Thoughts on Debugging

I was recently asked to help resolve an escalation at work. It had already bounced around between a few people, and was very muddied with conflicting reports not to mention frustration that the issue existed in the first place. Apparently I am insane, because I like situations like this.

I don’t mean that I like they they exist, but I like getting involved, because I’m good at debugging. I’ve been being paid to write code professionally for at least the last 10 years, of which at least 5 of them I’ve had any idea what I was doing. I’ve never taken a college level computer science course. But I’ve learned a thing or two about engineering in the last few years.

Debugging is a very strange skill to develop. It requires a certain intuitive distrust in all technological systems, developed over the course of continually observing engineering decisions that make you question the fabric of reality. It requires excellent written and verbal communication, and the ability to focus on the facts at hand instead of emotions, which typically also run high especially in high profile or otherwise intense debugging sessions.

I prefer to debug and coordinate asynchronously, others prefer to huddle. I’ve seen both be effective and I think both are worth trying out if the other approach doesn’t seem to be working. On especially complex issues, it’s important to get the right people “in a room” together. The Right People are the people who need to be in communication with one another to resolve the issue. This could be software or support engineers, integrations specialists, managers, or possibly even architect-level software generalists depending on the rest of the team’s ability to communicate and debug.

Debugging skills are not difficult to practice, but they are counter intuitive to learn and easy to be relegated. It seems like Engineers like to Engineer, and debugging usually doesn’t result in very much Software Engineering. In all of the most complicated debugging situations I have seen, the solution is always a single line, config issue, or misunderstanding about expected and actual functionality.

Here’s my one simple rule for debugging:

Reproduce the issue.

That’s the only thing, really. There are a lot of barriers to this. This is the antithesis to “it works on my machine”. Debugging is answering the question “why?”.

Magic exists, but I’ve never seen any in software. Problems are logical. Nothing is impossible. You can solve this problem. You just need to reproduce the issue. Reproducing the issue should be the team’s number 1 priority. The issue must be reproduced exactly, not just symptoms of the same behavior.

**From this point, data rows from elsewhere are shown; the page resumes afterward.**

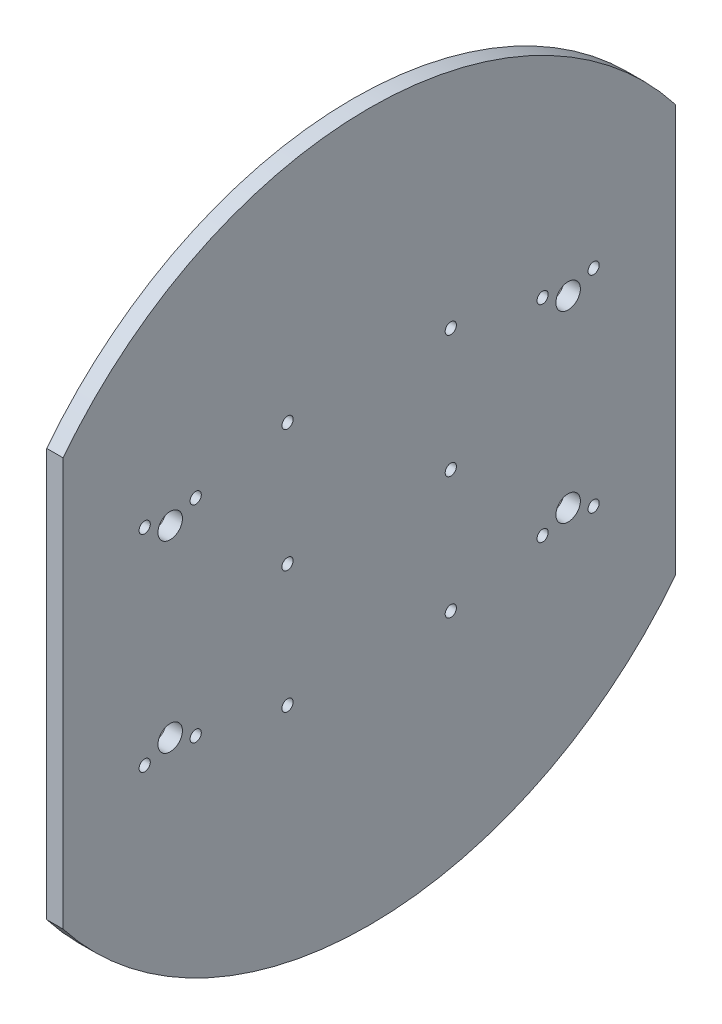
SolidWorks part; units mm, degrees
ref_plane "前视基准面" through (0, 0, 0) normal (0, 0, 1) x (1, 0, 0)
ref_plane "上视基准面" through (0, 0, 0) normal (0, 1, 0) x (1, 0, 0)
ref_plane "右视基准面" through (0, 0, 0) normal (1, 0, 0) x (0, 0, -1)
other "Configuration Table"
sketch "草图1" plane through (0, 0, 0) normal (1, 0, 0) x (0, 0, -1)
  line L0 (0, 0) -> (50000, 0) construction
  line L2 (-150, 100) -> (-150, -100)
  line L4 (150, 100) -> (150, -100)
  arc A0 (150, 100) -> (-150, 100) centre (0, -16.619) ccw
  arc A1 (150, -100) -> (-150, -100) centre (0, 16.619) cw
  dimension "D1" = 150
  dimension "D4" = 190
  dimension "D2" = 200
  dimension "D5" = 300
extrude "凸台-拉伸1" add sketch "草图1" along normal blind 8
sketch "草图2" plane through (8, 0, 0) normal (1, 0, 0) x (0, 0, -1)
  line L0 (97.5, 45) -> (97.5, -45) construction
  line L1 (0, 0) -> (0, 50000) construction
  line L2 (85, 50.5) -> (110, 50.5) construction
  line L3 (85, 50.5) -> (85, -50.5) construction
  line L4 (85, -50.5) -> (110, -50.5) construction
  line L5 (110, 50.5) -> (110, -50.5) construction
  line L6 (-110, 50.5) -> (-110, -50.5) construction
  line L7 (-85, -50.5) -> (-110, -50.5) construction
  line L8 (-85, 50.5) -> (-85, -50.5) construction
  line L9 (-85, 50.5) -> (-110, 50.5) construction
  line L10 (-97.5, 45) -> (-97.5, -45) construction
  circle A0 centre (97.5, 45) radius 6
  circle A1 centre (97.5, -45) radius 6
  circle A2 centre (85, 50.5) radius 2.75
  circle A3 centre (110, 50.5) radius 2.75
  circle A4 centre (85, -50.5) radius 2.75
  circle A5 centre (110, -50.5) radius 2.75
  circle A6 centre (-110, -50.5) radius 2.75
  circle A7 centre (-85, -50.5) radius 2.75
  circle A8 centre (-110, 50.5) radius 2.75
  circle A9 centre (-85, 50.5) radius 2.75
  circle A10 centre (-97.5, -45) radius 6
  circle A11 centre (-97.5, 45) radius 6
  point P9 (97.5, 0)
  dimension "D4" = 12
  dimension "D5" = 12
  dimension "D10" = 5.5
  dimension "D1" = 90
  dimension "D2" = 97.5
  dimension "D3" = 45
  dimension "D6" = 25
  dimension "D7" = 12.5
  dimension "D8" = 101
  dimension "D9" = 50.5
extrude "切除-拉伸1" cut sketch "草图2" against normal blind 8
sketch "草图3" plane through (8, 0, 0) normal (1, 0, 0) x (0, 0, -1)
  line L1 (-40, 60) -> (40, 60) construction
  line L2 (-40, 60) -> (-40, -60) construction
  line L3 (-40, -60) -> (40, -60) construction
  line L4 (40, 60) -> (40, -60) construction
  circle A0 centre (-40, 60) radius 2.75
  circle A2 centre (40, 60) radius 2.75
  circle A3 centre (40, -60) radius 2.75
  circle A5 centre (-40, -60) radius 2.75
  circle A6 centre (40, 0) radius 2.75
  circle A7 centre (-40, 0) radius 2.75
  dimension "D5" = 5.5
  dimension "D6" = 5.5
  dimension "D1" = 120
  dimension "D2" = 80
  dimension "D3" = 60
  dimension "D4" = 40
extrude "切除-拉伸2" cut sketch "草图3" against normal blind 10
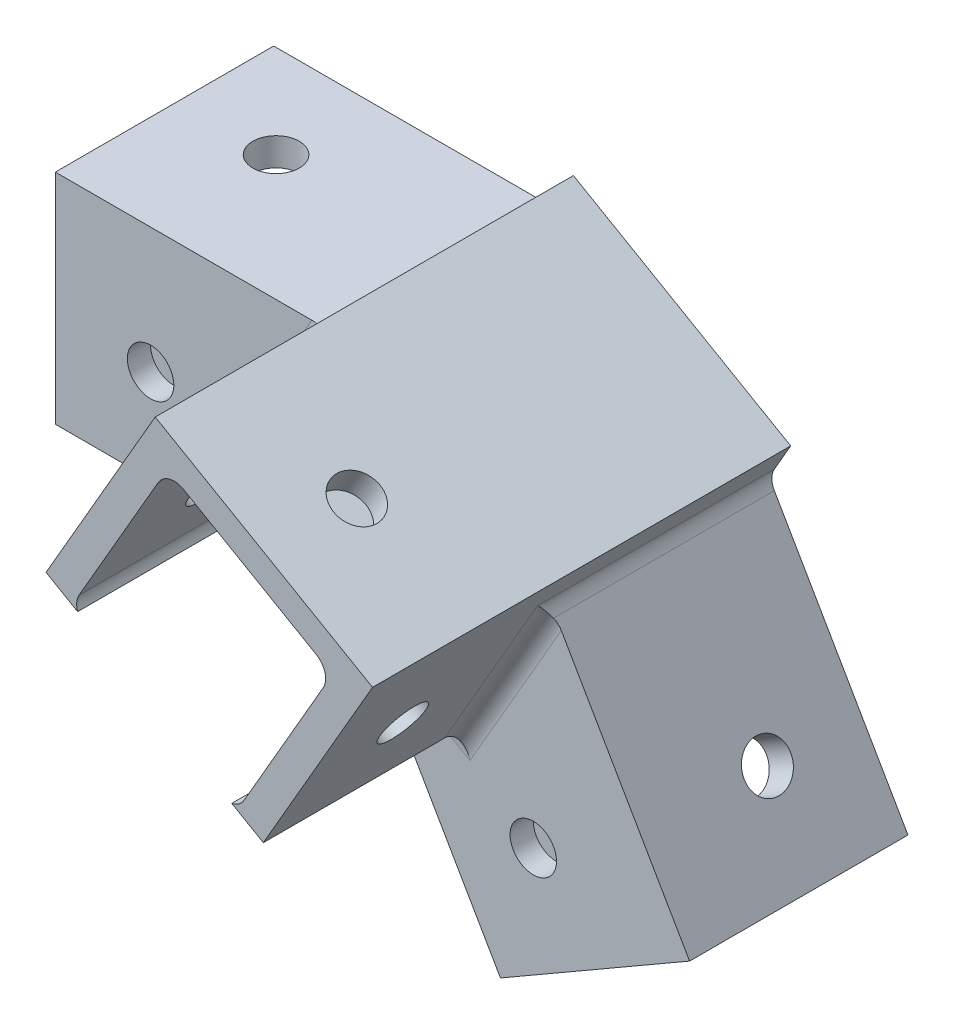
SolidWorks part; units mm, degrees
material "ABS"
ref_plane "Front Plane" through (0, 0, 0) normal (0, 0, 1) x (1, 0, 0)
ref_plane "Top Plane" through (0, 0, 0) normal (0, 1, 0) x (1, 0, 0)
ref_plane "Right Plane" through (0, 0, 0) normal (1, 0, 0) x (0, 0, -1)
ref_plane "Plane1" through (0, 0, 23.5) normal (0, 0, 1) x (1, 0, 0)
sketch "Sketch1" plane through (0, 0, 23.5) normal (0, 0, 1) x (1, 0, 0)
  line L0 (0, 0) -> (0, 23.5)
  line L1 (0, 23.5) -> (25, 23.5)
  line L2 (25, 23.5) -> (37.5, 1.8494)
  line L3 (37.5, 1.8494) -> (17.1484, -9.9006)
  line L4 (17.1484, -9.9006) -> (11.4323, 0)
  line L5 (11.4323, 0) -> (0, 0)
  dimension "D1" = 23.5
  dimension "D2" = 120
  dimension "D3" = 25
extrude "Boss-Extrude1" add sketch "Sketch1" against normal blind 23.5
sketch "Sketch2" plane through (0, 0, 23.5) normal (0, 0, -1) x (-1, 0, 0)
  line L0 (-17.1484, -9.9006) -> (-34.9019, 0.3494)
  line L1 (0, 20.5) -> (20.5, 20.5)
  line L2 (0, 20.5) -> (0, 0)
  line L3 (0, 0) -> (20.5, 0)
  line L4 (20.5, 20.5) -> (20.5, 0)
  line L5 (-17.1484, -9.9006) -> (-27.3984, -27.6542)
  line L6 (-34.9019, 0.3494) -> (-45.1519, -17.4042)
  line L7 (-27.3984, -27.6542) -> (-45.1519, -17.4042)
  line L8 (-17.1484, -9.9006) -> (-37.5, 1.8494) construction
  dimension "D1" = 20.5
  dimension "D2" = 20.5
extrude "Boss-Extrude2" add sketch "Sketch2" along normal blind 3 separate body
sketch "Sketch5" plane through (0, 0, 0) normal (0, 0, -1) x (-1, 0, 0)
  line L0 (20.5, 20.5) -> (20.5, 0) construction
  line L1 (0, 20.5) -> (20.5, 20.5)
  line L2 (0, 20.5) -> (0, 23.5)
  line L3 (0, 23.5) -> (20.5, 23.5)
  line L4 (20.5, 20.5) -> (20.5, 23.5)
  line L5 (-25, 23.5) -> (0, 23.5) construction
  line L6 (-34.9019, 0.3494) -> (-37.5, 1.8494)
  line L7 (-34.9019, 0.3494) -> (-45.1519, -17.4042)
  line L8 (-37.5, 1.8494) -> (-47.75, -15.9042)
  line L9 (-45.1519, -17.4042) -> (-47.75, -15.9042)
  line L10 (-27.3984, -27.6542) -> (-45.1519, -17.4042) construction
extrude "Boss-Extrude4" add sketch "Sketch5" against normal blind 23.5
sketch "Sketch6" plane through (0, 0, 20.5) normal (0, 0, 1) x (1, 0, 0)
  line L0 (-20.5, 20.5) -> (-20.5, 0) construction
  line L1 (-20.5, 10.25) -> (0, 10.25) construction
  line L2 (0, 0) -> (0, 20.5) construction
  line L3 (26.0252, -4.7756) -> (6.645, 28.7918) construction
  line L4 (34.9019, 0.3494) -> (17.1484, -9.9006) construction
  line L5 (36.2752, -22.5292) -> (26.0252, -4.7756) construction
  line L6 (27.3984, -27.6542) -> (45.1519, -17.4042) construction
  line L7 (-0.25, 13) -> (-20.25, 13)
  line L8 (-0.25, 13) -> (-0.25, 7.5)
  line L9 (-20.25, 13) -> (-20.25, 7.5)
  line L10 (-0.25, 7.5) -> (-20.25, 7.5)
  line L11 (-0.25, 13) -> (-20.25, 7.5) construction
  line L12 (-20.25, 13) -> (-0.25, 7.5) construction
  line L13 (23.7686, -6.3671) -> (33.7686, -23.6876)
  line L14 (23.7686, -6.3671) -> (28.5317, -3.6171)
  line L15 (33.7686, -23.6876) -> (38.5317, -20.9376)
  line L16 (28.5317, -3.6171) -> (38.5317, -20.9376)
  line L17 (23.7686, -6.3671) -> (38.5317, -20.9376) construction
  line L18 (33.7686, -23.6876) -> (28.5317, -3.6171) construction
  line L19 (17.1484, -9.9006) -> (34.9019, 0.3494) construction
  point P14 (-10.25, 10.25)
  point P15 (31.1502, -13.6524)
  dimension "D1" = 20
  dimension "D2" = 5.5
sketch "Sketch8" plane through (0, 20.5, 0) normal (0, -1, 0) x (1, 0, 0)
  line L0 (-20.5, 10.25) -> (0, 10.25) construction
  line L1 (-20.5, 20.5) -> (-20.5, 0) construction
  line L2 (0, 0) -> (0, 20.5) construction
  line L3 (-20.5, 0) -> (0, 0) construction
  line L4 (-0.25, 7.5) -> (-20.25, 7.5)
  line L5 (-0.25, 7.5) -> (-0.25, 13)
  line L6 (-20.25, 7.5) -> (-20.25, 13)
  line L7 (-0.25, 13) -> (-20.25, 13)
  line L8 (-0.25, 7.5) -> (-20.25, 13) construction
  line L9 (-20.25, 7.5) -> (-0.25, 13) construction
  point P9 (-10.25, 10.25)
  dimension "D1" = 10.25
  dimension "D2" = 5.5
  dimension "D3" = 20
sketch "Sketch10" plane through (26.3277, 15.2003, 0) normal (-0.866, -0.5, 0) x (0, 0, 1)
  line L0 (10.25, -37.6484) -> (10.25, -17.1484) construction
  line L1 (20.5, -37.6484) -> (0, -37.6484) construction
  line L2 (0, -17.1484) -> (20.5, -17.1484) construction
  line L3 (7.5, -17.3984) -> (7.5, -37.3984)
  line L4 (7.5, -17.3984) -> (13, -17.3984)
  line L5 (7.5, -37.3984) -> (13, -37.3984)
  line L6 (13, -17.3984) -> (13, -37.3984)
  line L7 (7.5, -17.3984) -> (13, -37.3984) construction
  line L8 (7.5, -37.3984) -> (13, -17.3984) construction
  point P7 (10.25, -27.3984)
  dimension "D1" = 5.5
  dimension "D2" = 20
sketch "Sketch12" plane through (0, 0, 0) normal (0, 0, -1) x (-1, 0, 0)
  line L1 (-23.3827, -6.3013) -> (0, 7.1987)
  line L2 (-23.3827, -6.3013) -> (-35.1327, 14.0503)
  line L3 (0, 7.1987) -> (-11.75, 27.5503)
  line L4 (-35.1327, 14.0503) -> (-11.75, 27.5503)
  line L5 (-23.3827, -6.3013) -> (-11.75, 27.5503) construction
  line L6 (0, 7.1987) -> (-35.1327, 14.0503) construction
  line L7 (0, 0) -> (0, 20.5) construction
  line L8 (-17.1484, -9.9006) -> (-34.9019, 0.3494) construction
  line L9 (-11.4323, 0) -> (-25, 23.5) construction
  point P5 (-17.5663, 10.6245)
  dimension "D1" = 27
  dimension "D2" = 23.5
extrude "Boss-Extrude9" add sketch "Sketch12" against normal blind 45
sketch "Sketch13" plane through (0, 0, 45) normal (0, 0, 1) x (1, 0, 0)
  line L0 (2.5646, 5.1407) -> (13.0646, 23.3273)
  line L1 (2.5646, 5.1407) -> (20.3181, -5.1093)
  line L2 (13.0646, 23.3273) -> (30.8181, 13.0773)
  line L3 (20.3181, -5.1093) -> (30.8181, 13.0773)
  line L4 (2.5646, 5.1407) -> (30.8181, 13.0773) construction
  line L5 (13.0646, 23.3273) -> (20.3181, -5.1093) construction
  line L7 (11.4323, 0) -> (23.4413, 20.8003) construction
  line L8 (35.1327, 14.0503) -> (11.75, 27.5503) construction
  line L9 (11.75, 27.5503) -> (35.1327, 14.0503) construction
  line L10 (35.1327, 14.0503) -> (11.75, 27.5503) construction
  point P1 (16.6913, 9.109)
  dimension "D1" = 21
  dimension "D2" = 20.5
  dimension "D3" = 3
extrude "Cut-Extrude4" cut sketch "Sketch13" against normal blind 40
fillet "Fillet5" radius 3 1 edges at (11.4323, 0, 11.75)
sketch "Sketch14" plane through (0, 0, 0) normal (0, 0, -1) x (-1, 0, 0)
  line L0 (-18.7654, 23.5) -> (-28.1173, 18.1007)
  line L1 (-18.7654, 23.5) -> (-20.7654, 26.9641)
  line L2 (-28.1173, 18.1007) -> (-30.1173, 21.5648)
  line L3 (-20.7654, 26.9641) -> (-30.1173, 21.5648)
  dimension "D1" = 4
extrude "Cut-Extrude5" cut sketch "Sketch14" against normal through all
fillet "Fillet7" radius 2 6 edges at (40.0269, -8.5274, 20.5) (-10.25, 20.5, 20.5) (13.0646, 23.3273, 25) (30.8181, 13.0773, 25) (20.3181, -5.1093, 14.25) (2.5646, 5.1407, 14.25)
sketch "Sketch16" plane through (0, 20.5, 0) normal (0, -1, 0) x (1, 0, 0)
  line L0 (-10.25, 20.5) -> (-10.25, 0) construction
  line L1 (-20.5, 20.5) -> (0, 20.5) construction
  line L2 (-20.5, 0) -> (0, 0) construction
  circle A0 centre (-10.25, 10) radius 2.5
  dimension "D1" = 5
  dimension "D2" = 10
extrude "Cut-Extrude7" cut sketch "Sketch16" against normal blind 40
sketch "Sketch17" plane through (26.3277, 15.2003, 0) normal (-0.866, -0.5, 0) x (0, 0, 1)
  line L0 (0, -27.3984) -> (20.5, -27.3984) construction
  line L1 (0, -17.1484) -> (0, -37.6484) construction
  line L2 (20.5, -17.1484) -> (20.5, -37.6484) construction
  circle A0 centre (10, -27.3984) radius 2.5
  dimension "D1" = 5
  dimension "D2" = 10
extrude "Cut-Extrude8" cut sketch "Sketch17" against normal through all
sketch "Sketch18" plane through (0, 0, 20.5) normal (0, 0, -1) x (-1, 0, 0)
  line L0 (10.25, 0) -> (10.25, 20.5) construction
  line L1 (20.5, 0) -> (0, 0) construction
  line L2 (20.5, 20.5) -> (0, 20.5) construction
  line L4 (-17.1484, -9.9006) -> (-27.3984, -27.6542) construction
  line L5 (-22.2734, -18.7774) -> (-42.625, -7.0274) construction
  line L6 (-47.75, -15.9042) -> (-32.7942, 10) construction
  circle A0 centre (10.25, 10) radius 2.5
  circle A1 centre (-30.9337, -13.7774) radius 2.5
  dimension "D1" = 5
  dimension "D2" = 5
  dimension "D3" = 10
  dimension "D4" = 10
extrude "Cut-Extrude9" cut sketch "Sketch18" against normal through all from offset 0.5 offset against normal yes
sketch "Sketch19" plane through (20.2655, -11.7003, 0) normal (0.866, -0.5, 0) x (0, 0, -1)
  line L0 (-25, 16.2343) -> (-45, 16.2343) construction
  line L2 (-45, 6.2343) -> (-45, 29.7343) construction
  line L4 (-45, 6.2343) -> (-23.5, 6.2343) construction
  line L5 (-45, 6.2343) -> (-45, 29.7343) construction
  circle A0 centre (-35, 16.2343) radius 2.5
  dimension "D1" = 5
  dimension "D2" = 10
  dimension "D3" = 10
extrude "Cut-Extrude10" cut sketch "Sketch19" against normal through all
sketch "Sketch21" plane through (0, 0, 5) normal (0, 0, 1) x (1, 0, 0)
  line L0 (21.9413, 18.2023) -> (11.4413, 0.0157) construction
  line L3 (14.7966, 22.3273) -> (29.0861, 14.0773) construction
  line L4 (18.5861, -4.1093) -> (4.2966, 4.1407) construction
  circle A0 centre (16.6913, 9.109) radius 2.5
  dimension "D1" = 5
extrude "Cut-Extrude12" cut sketch "Sketch21" against normal through all
sketch "Sketch22" plane through (13.3671, 23.1526, 0) normal (-0.5, -0.866, 0) x (0.866, -0.5, 0)
  line L0 (9.9006, 45) -> (9.9006, 23.5) construction
  line L1 (1.6506, 45) -> (18.1506, 45) construction
  line L2 (11.4006, 23.5) -> (8.4006, 23.5) construction
  circle A0 centre (9.9006, 35) radius 2.5
  dimension "D1" = 5
  dimension "D2" = 10
extrude "Cut-Extrude13" cut sketch "Sketch22" against normal through all
fillet "Fillet8" radius 2 4 edges at (28.0885, 1.8494, 23.5) (32.7942, 10, 11.75) (9.4115, 23.5, 11.75) (4.7058, 15.3494, 23.5)
sketch "Sketch24" plane through (0, 0, 20.5) normal (0, 0, -1) x (-1, 0, 0)
  line L0 (-27.3984, -27.6542) -> (-25.3984, -24.1901)
  line L1 (20.5, 0) -> (16.5, 0)
  line L2 (20.5, 0) -> (20.5, 4)
  line L3 (20.5, 4) -> (16.5, 4)
  line L4 (16.5, 0) -> (16.5, 4)
  line L5 (-27.3984, -27.6542) -> (-30.8625, -25.6542)
  line L6 (-25.3984, -24.1901) -> (-28.8625, -22.1901)
  line L7 (-30.8625, -25.6542) -> (-28.8625, -22.1901)
  line L8 (-17.1484, -9.9006) -> (-27.3984, -27.6542) construction
  line L9 (-27.5814, -26.9711) -> (-26.0814, -24.3731)
  line L10 (-26.0814, -24.3731) -> (-28.6795, -22.8731)
  line L11 (-30.1795, -25.4711) -> (-28.6795, -22.8731)
  line L12 (-27.5814, -26.9711) -> (-30.1795, -25.4711)
  line L13 (20, 0.5) -> (17, 0.5)
  line L14 (17, 0.5) -> (17, 3.5)
  line L15 (20, 3.5) -> (17, 3.5)
  line L16 (20, 0.5) -> (20, 3.5)
  dimension "D2" = 4
  dimension "D3" = 4
  dimension "D1" = 0.5
extrude "Boss-Extrude13" add sketch "Sketch24" along normal up to surface (20.5 mm away) up to face at (14.1913, 9.109, 0)
fillet "Fillet10" radius 2 1 edges at (0.8345, 6.7169, 23.5)
sketch "Sketch25" plane through (0, 0, 0) normal (0, 0, -1) x (-1, 0, 0)
  line L0 (-28.6795, -22.8731) -> (-30.1795, -25.4711)
  line L1 (-28.6795, -22.8731) -> (-26.0814, -24.3731)
  line L2 (-30.1795, -25.4711) -> (-27.5814, -26.9711)
  line L3 (-26.0814, -24.3731) -> (-27.5814, -26.9711)
  line L4 (20, 3.5) -> (20, 0.5)
  line L5 (20, 3.5) -> (17, 3.5)
  line L6 (20, 0.5) -> (17, 0.5)
  line L7 (17, 3.5) -> (17, 0.5)
  line L8 (-27.5814, -26.9711) -> (-26.0814, -24.3731) construction
  line L9 (17, 3.5) -> (17, 0.5) construction
extrude "Boss-Extrude14" add sketch "Sketch25" against normal blind 4
equation "\"D2@Sketch18\"=\"D1@Sketch18\""

If two symptoms exist and they are equally pressing, both should be investigated independently until it can be confirmed that the issues are identical. What exactly an “independent investigation” looks like will vary. It could include you noting two different items on your to-do list. Or, it could be two entire teams doing full blown investigations. I’ve seen too many times that issues were assumed to be related which did nothing but make each issue harder to investigate.

Logging is important in debugging situations, hopefully you or a team member is extremely proficient in your logging software. If you don’t love your logging system, proactively fix that problem. Ideally a team member will be able to monitor the logs real-time while the reproduction procedures are taking place. If we can observe the patterns in the logs while reproducing the issue, then we can observe the patterns for the original instances of the issue.

Often the solution will naturally present itself in the course of debugging, usually by the time you’re successfully reproducing the issue. It could be that by reproducing the problem, you are gaining the required knowledge to fix it. However I think there very few actually hard problems and you’re probably not smart and/or lucky enough to work on one. I’m not sure that I’ve ever worked on a hard problem, at least not for work. We’re mostly just shoveling mud around in various forms with various amounts of efficiency.

But mud isn’t that bad really, it feels kind of nice and you can build some cool things.

After you find and resolve the issue, it’s important to summarize and recap what you’ve done. This is probably best in the original reporting mechanism (bug ticket), but if the issue is on the radar of people that aren’t involved, know about the issue, and has decision making power in your compensation, you need to let them know what you did. A good manager should do this for you, assuming you provide a summary for your manager. I’ve seen too many times someone’s role in a situation be misrepresented after the fact. It’s like telling your boss “Look at my mud thing” and they say “What mud thing?”. Now you wasted a bunch of time for nothing.

Finally a word of caution to those junior engineers among us:

There is no such thing as a favor in business.